- **Problem details**: Copy out each line below containing "normal".

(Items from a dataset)
● ● ● ●

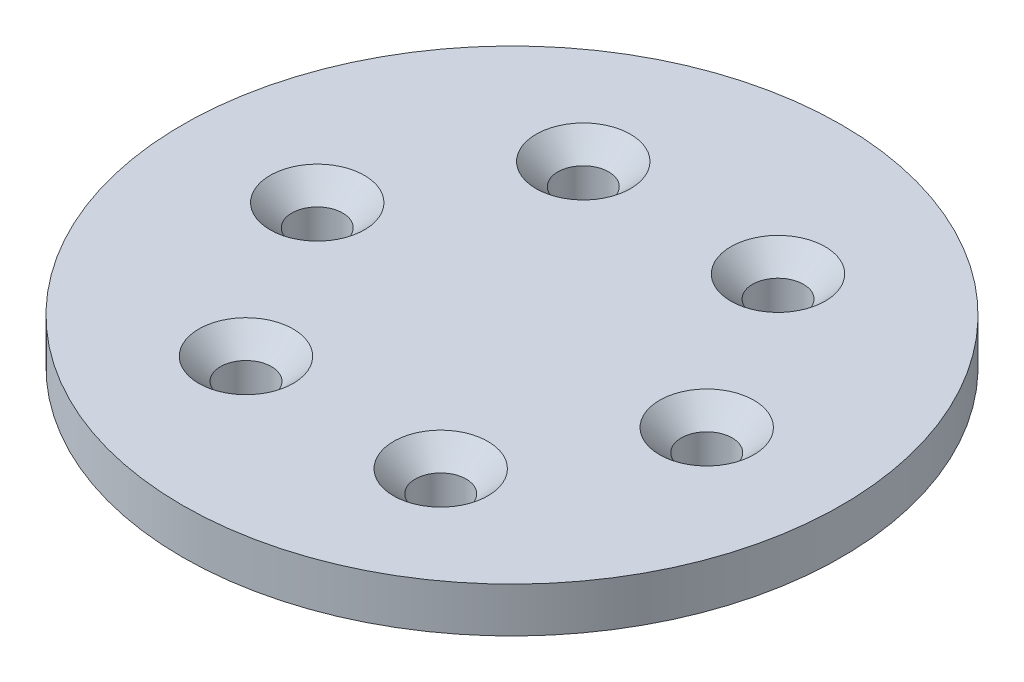
SolidWorks part; units mm, degrees
ref_plane "Спереди" through (0, 0, 0) normal (0, 0, 1) x (1, 0, 0)
ref_plane "Сверху" through (0, 0, 0) normal (0, 1, 0) x (1, 0, 0)
ref_plane "Справа" through (0, 0, 0) normal (1, 0, 0) x (0, 0, -1)
sketch "Эскиз1" plane through (0, 0, 0) normal (1, 0, 0) x (0, 0, -1)
  line L1 (22, 1) -> (-22, 1) construction
  line L2 (22, 1) -> (-22, 1) construction
  line L5 (22, 1) -> (22, 4)
  line L14 (19.5, 0) -> (-19.5, 0) construction
  line L15 (19.5, 0) -> (-19.5, 0) construction
  line L16 (0, 0) -> (19.5, 0)
  line L17 (22, 1) -> (19.5, 0)
  line L18 (0, 0) -> (0, 4)
  line L19 (0, 4) -> (22, 4)
  dimension "D2" = 3
revolve "Повернуть1" add sketch "Эскиз1" angle 360 about L18
hole_wizard "Зенковка для винта с полупотайной головкой M31" positions "Эскиз5" profile "Эскиз7" countersink size "M3" standard "DIN" end condition through all
sketch "Эскиз5" plane through (0, 4, 0) normal (0, 1, 0) x (1, 0, 0)
  line L1 (0, 0) -> (22, 0) construction
  circle A2 centre (0, 0) radius 22 construction
  point P17 (13, 0)
  point P24 (6.5, -11.2583)
  point P25 (-6.5, -11.2583)
  point P26 (-13, 0)
  point P27 (-6.5, 11.2583)
  point P28 (6.5, 11.2583)
  dimension "D1" = 13
  dimension "D2" = 6
sketch "Эскиз7" plane through (6.5, 4, -11.2583) normal (1, 0, 0) x (0, 0, 1)
  line L0 (0, 0) -> (0, 4)
  line L1 (0, 4) -> (1.7, 4)
  line L2 (1.7, 4) -> (1.7, 1.45)
  line L3 (1.7, 1.45) -> (3.15, 0)
  line L5 (3.15, 0) -> (0, 0)
  line L6 (-1.7, 1.45) -> (-3.15, 0) construction
  line L11 (0, -6.35) -> (0, 107.95) construction
  dimension "Диаметр сквозного отверстия" = 3.4
  dimension "Глубина сквозного отверстия" = 4
  dimension "Диаметр передней зенковки" = 6.3
  dimension "Угол передней зенковки" = 90

● ● ● ●

- **Worked solution**:
ref_plane "Спереди" through (0, 0, 0) normal (0, 0, 1) x (1, 0, 0)
ref_plane "Сверху" through (0, 0, 0) normal (0, 1, 0) x (1, 0, 0)
ref_plane "Справа" through (0, 0, 0) normal (1, 0, 0) x (0, 0, -1)
sketch "Эскиз1" plane through (0, 0, 0) normal (1, 0, 0) x (0, 0, -1)
sketch "Эскиз5" plane through (0, 4, 0) normal (0, 1, 0) x (1, 0, 0)
sketch "Эскиз7" plane through (6.5, 4, -11.2583) normal (1, 0, 0) x (0, 0, 1)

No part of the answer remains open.